* Work item:
As an exercise, transcribe the data below in full and exactly, omitting pictures.

* Data for this exercise:

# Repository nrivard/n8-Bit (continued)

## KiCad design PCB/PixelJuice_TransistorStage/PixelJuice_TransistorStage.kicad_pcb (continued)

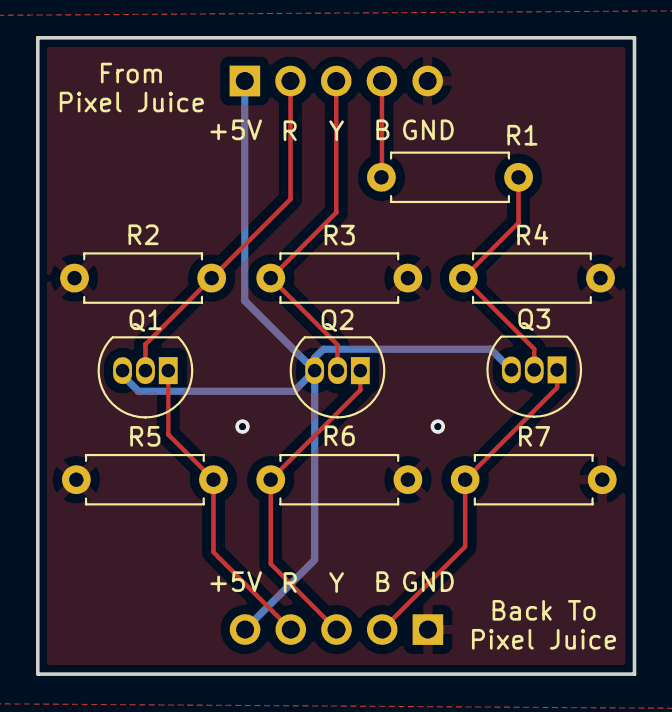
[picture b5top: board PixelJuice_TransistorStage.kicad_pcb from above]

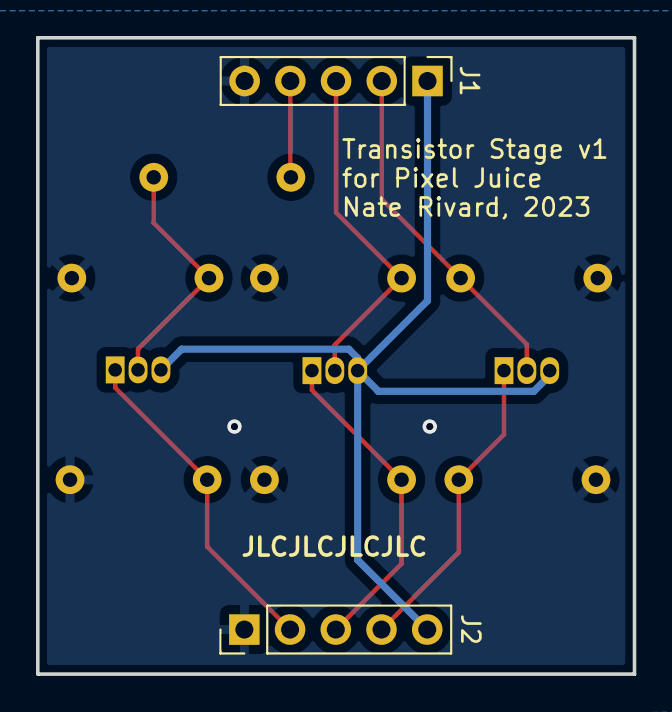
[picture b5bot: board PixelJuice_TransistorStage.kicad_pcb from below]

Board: 2 copper layers, 33.2 x 35.3 mm, 12 parts (2 on the bottom side), 9 nets.

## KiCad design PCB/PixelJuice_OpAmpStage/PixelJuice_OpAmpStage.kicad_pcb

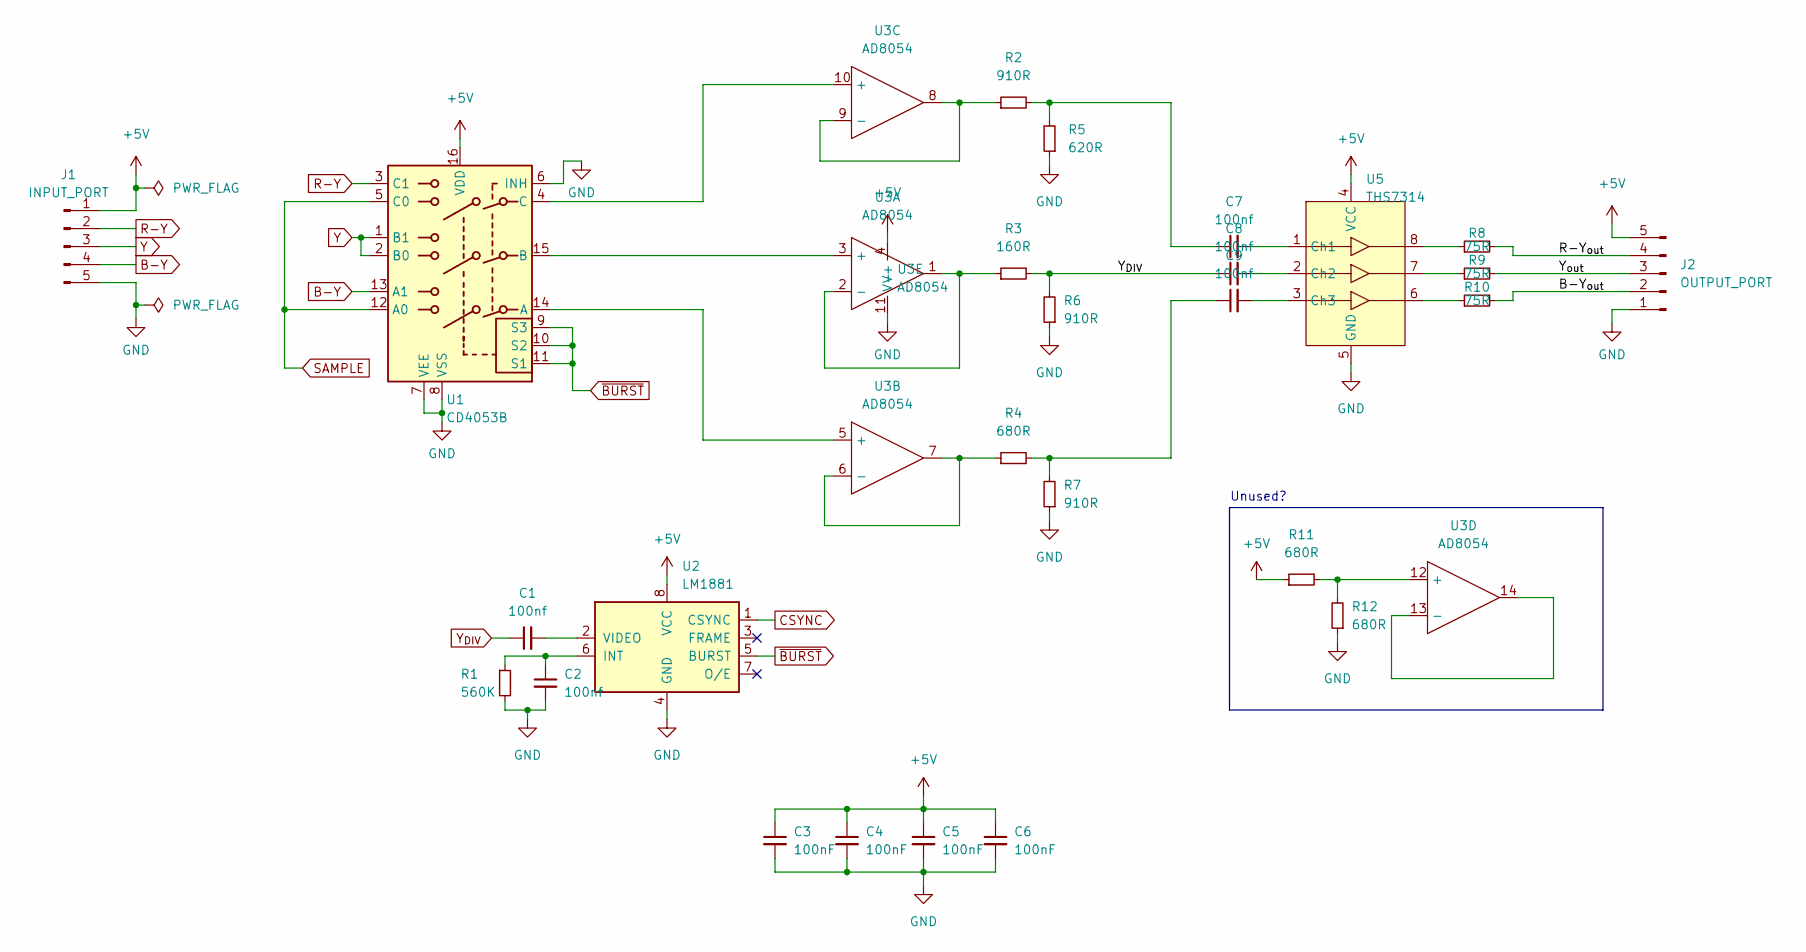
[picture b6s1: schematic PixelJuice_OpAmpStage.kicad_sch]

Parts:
C1, C2, C7, C8, C9: 100nf; C_0805_2012Metric_Pad1.18x1.45mm_HandSolder
C3, C4, C5, C6: 100nF; C_0805_2012Metric_Pad1.18x1.45mm_HandSolder
J1: INPUT_PORT; PinHeader_1x05_P2.54mm_Vertical
J2: OUTPUT_PORT; PinHeader_1x05_P2.54mm_Vertical
R1: 560K; R_0805_2012Metric_Pad1.20x1.40mm_HandSolder
R2, R6, R7: 910R; R_0805_2012Metric_Pad1.20x1.40mm_HandSolder
R3: 160R; R_0805_2012Metric_Pad1.20x1.40mm_HandSolder
R4, R11, R12: 680R; R_0805_2012Metric_Pad1.20x1.40mm_HandSolder
R5: 620R; R_0805_2012Metric_Pad1.20x1.40mm_HandSolder
R8, R9, R10: 75R; R_0805_2012Metric_Pad1.20x1.40mm_HandSolder
U1: CD4053B; DIP-16_W7.62mm_Socket
U2: LM1881; DIP-8_W7.62mm
U3: AD8054; SOIC-14_3.9x8.7mm_P1.27mm
U5: THS7314; SOIC-8_3.9x4.9mm_P1.27mm

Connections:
+5V: C3.1, C4.1, C5.1, C6.1, J1.1, J2.5, R11.1, U1.16 (VDD), U2.8 (VCC), U3.4 (V+), U5.4 (VCC)
/B-Y_{out}: J2.2, R10.2
/R-Y_{out}: J2.4, R8.2
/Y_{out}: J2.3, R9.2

* Response to this task:
# Repository nrivard/n8-Bit (continued)

## KiCad design PCB/PixelJuice_TransistorStage/PixelJuice_TransistorStage.kicad_pcb (continued)

[picture b5top: board PixelJuice_TransistorStage.kicad_pcb from above]

[picture b5bot: board PixelJuice_TransistorStage.kicad_pcb from below]

Board: 2 copper layers, 33.2 x 35.3 mm, 12 parts (2 on the bottom side), 9 nets.

## KiCad design PCB/PixelJuice_OpAmpStage/PixelJuice_OpAmpStage.kicad_pcb

[picture b6s1: schematic PixelJuice_OpAmpStage.kicad_sch]

Parts:
C1, C2, C7, C8, C9: 100nf; C_0805_2012Metric_Pad1.18x1.45mm_HandSolder
C3, C4, C5, C6: 100nF; C_0805_2012Metric_Pad1.18x1.45mm_HandSolder
J1: INPUT_PORT; PinHeader_1x05_P2.54mm_Vertical
J2: OUTPUT_PORT; PinHeader_1x05_P2.54mm_Vertical
R1: 560K; R_0805_2012Metric_Pad1.20x1.40mm_HandSolder
R2, R6, R7: 910R; R_0805_2012Metric_Pad1.20x1.40mm_HandSolder
R3: 160R; R_0805_2012Metric_Pad1.20x1.40mm_HandSolder
R4, R11, R12: 680R; R_0805_2012Metric_Pad1.20x1.40mm_HandSolder
R5: 620R; R_0805_2012Metric_Pad1.20x1.40mm_HandSolder
R8, R9, R10: 75R; R_0805_2012Metric_Pad1.20x1.40mm_HandSolder
U1: CD4053B; DIP-16_W7.62mm_Socket
U2: LM1881; DIP-8_W7.62mm
U3: AD8054; SOIC-14_3.9x8.7mm_P1.27mm
U5: THS7314; SOIC-8_3.9x4.9mm_P1.27mm

Connections:
+5V: C3.1, C4.1, C5.1, C6.1, J1.1, J2.5, R11.1, U1.16 (VDD), U2.8 (VCC), U3.4 (V+), U5.4 (VCC)
/B-Y_{out}: J2.2, R10.2
/R-Y_{out}: J2.4, R8.2
/Y_{out}: J2.3, R9.2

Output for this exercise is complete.